Needless to say, I’m not in the market for new rugs. But if you are, make sure you check out the Bunyaad Rug Co. sale, Thursday through Oct. 12 at Ten Thousand Villages, 7947 Santa Fe Drive, Overland Park.
Bunyaad rugs will make your house feel pretty and exotic, and you’ll come away feeling altruistic because they’re fair trade.
A Pakistani pastor and rug artisan founded the company in the late 1960s as a way to create jobs for 10 families in villages.
Today, more than 850 families in 100 villages throughout Pakistan work on Bunyaad looms: artisans are guaranteed fair wages, child labor is forbidden, and they are paid not by speed but per knot, ensuring high-count, high-quality pieces.
Bunyaad brings Christian and Muslim rug artisans together, transcending differences of religion and tradition, so it’s also a peace-building project.
According to the folks at Ten Thousand Villages, they had record sales of the rugs last year after a story appeared in House+Home. Let’s see how we’ll do this year.
Help! Our basement smells
Speaking of household smells, this next request comes from my husband, sports columnist Vahe Gregorian.
He’s looking for a solution to the dankness that seeps from our basement after a storm.
Our house is 107 years old and has a limestone foundation that leaks. We don’t accumulate more than a few puddles here and there, but you’d think it was fall 1977 at the Country Club Plaza the way he acts when it rains.
He summons me into the basement to look at the puddles and rack my brain over how to prevent them even though we’ve regraded the soil around our house and had new gutters and various types of outdoor drainage systems installed.

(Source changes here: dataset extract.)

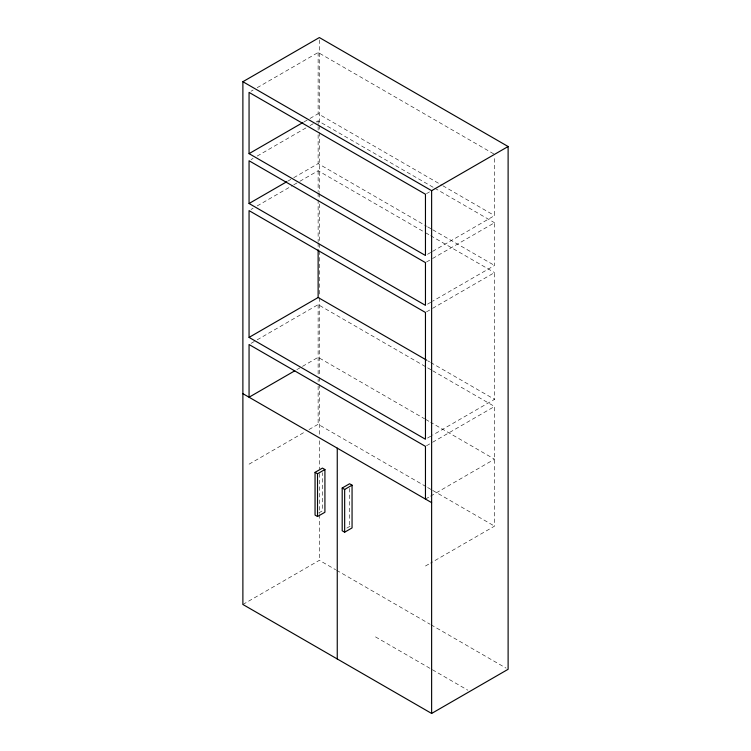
<?xml version="1.0" encoding="UTF-8"?>
<svg xmlns="http://www.w3.org/2000/svg" width="751" height="751" viewBox="0 0 751 751"><rect width="100%" height="100%" fill="white"/><g stroke="black" fill="none" stroke-linecap="round" stroke-linejoin="round"><path stroke-width="0.56" stroke-dasharray="3.75 2.82" d="M251.087 91.218L253.115 90.045M257.18 87.698L318.133 52.504L494.543 154.349M303.911 121.972L308.99 119.033M310.013 118.451L318.133 113.758L441.823 185.168M251.087 159.588L253.115 158.414M257.18 156.077L305.948 127.914M310.013 125.577L315.091 122.638M316.105 122.056L318.133 120.883L433.712 187.609M287.661 181.207L292.74 178.278M293.754 177.687L318.133 163.615L426.615 226.248M251.087 209.445L253.115 208.271M257.18 205.924L292.74 185.403M293.754 184.812L298.832 181.883M299.856 181.291L318.133 170.74L424.587 232.2M426.474 193.655L429.525 191.89M251.087 343.348L256.166 340.41M257.18 339.827L318.133 304.634L426.615 367.267M427.497 254.317L431.553 251.97M432.576 251.388L494.543 215.603L494.543 156.668M426.474 262.024L431.553 259.095M432.576 258.504L494.543 222.728L494.543 265.46L432.576 301.235M296.805 369.661L318.133 357.335L424.587 418.795M427.497 304.174L431.553 301.827M426.474 311.881L431.553 308.952M432.576 308.361L494.543 272.585L494.543 399.363L432.576 435.139M249.06 464.174L304.934 431.909M308.99 429.563L318.133 424.287L426.615 486.92M427.497 438.068L431.553 435.721M426.474 445.775L431.553 442.846M432.576 442.264L494.543 406.479L494.543 526.132L430.539 563.09M318.753 512.961L322.451 510.821L322.451 472.708M346.821 528.094L349.59 526.489L352.059 527.915M242.883 604.48L319.372 560.321L335.603 569.699M425.46 499.068L429.525 496.721M430.539 496.139L494.543 459.19L430.67 422.306M425.46 566.019L429.525 563.672M442.837 185.75L494.543 215.603M434.726 188.191L494.543 222.728M427.629 226.83L431.684 229.168M432.698 229.759L494.543 265.46M425.601 232.782L429.656 235.119M430.67 235.711L494.543 272.585M427.629 360.724L429.656 361.898M430.67 362.48L494.543 399.363M427.629 367.849L431.684 370.187M432.698 370.778L494.543 406.479M425.601 419.387L429.656 421.724M427.629 487.502L431.684 489.849M432.698 490.431L494.543 526.132M336.617 570.281L429.976 624.184M430.99 624.766L506.08 668.118M375.5 636.886L467.845 690.197M349.59 488.375L349.59 526.489M319.372 39.897L319.372 124.291M319.372 125.464L319.372 131.322M319.372 132.495L319.372 192.275M319.372 193.448L319.372 199.306M319.372 203.99L319.372 242.676M319.372 243.85L319.372 249.707M319.372 250.881L319.372 296.589M319.372 297.762L319.372 376.298M319.372 377.471L319.372 383.329M319.372 384.503L319.372 436.078M319.372 440.762L319.372 468.896M319.372 473.59L319.372 513.44M319.372 514.613L319.372 560.321M318.133 52.504L318.133 113.758M318.133 120.883L318.133 125.501M318.133 126.656L318.133 130.12M318.133 134.739L318.133 163.615M318.133 170.74L318.133 191.674M318.133 192.838L318.133 198.649M318.133 199.813L318.133 241.681M318.133 242.845L318.133 247.501M318.133 304.634L318.133 374.655M318.133 379.274L318.133 381.583M318.133 386.192L318.133 424.287"/><path stroke-width="1.13" d="M242.883 81.709L319.372 37.55L508.117 146.52L508.117 669.291L431.628 713.45L242.883 604.48L242.883 81.709L431.628 190.679L508.117 146.52M249.06 153.645L425.46 255.49L425.46 194.237L249.06 92.392L249.06 153.645L302.897 122.554M249.06 203.502L425.46 305.347L425.46 262.615L249.06 160.761L249.06 203.502L286.647 181.798M249.06 337.396L425.46 439.241L425.46 312.463L249.06 210.618L249.06 337.396L318.133 297.509L426.615 360.142M294.767 370.825L249.06 397.223L249.06 344.521L425.46 446.366L425.46 499.068M315.054 472.36L322.451 468.089L324.92 469.516L324.92 512.248L317.523 516.519L315.054 515.092L315.054 472.36L317.523 473.787L324.92 469.516M342.193 488.028L349.59 483.757L352.059 485.184L352.059 527.915L344.662 532.187L342.193 530.769L342.193 488.028L344.662 489.455L352.059 485.184M242.883 393.665L431.628 502.635M431.628 190.679L431.628 713.45M344.662 489.455L344.662 532.187M337.255 448.15L337.255 658.965M318.133 249.83L318.133 297.509M317.523 473.787L317.523 516.519"/></g></svg>

A dehumidifier dries the puddles within a few hours and the smell is really not that bad, so I refuse to spend $7,000 to install a sump pump and French drain. I’ve convinced him to live with the short-lived puddles, but he can’t bear the smell — faint as it is — that comes with them.
So now, dear readers, if you can come up with a simple, inexpensive solution for that smell, we’ll invite you, your significant other and another couple to our home for dinner, at which time you can pummel my husband with sports questions.
By the way, we have also hung bags of lava rocks down there. It isn’t working.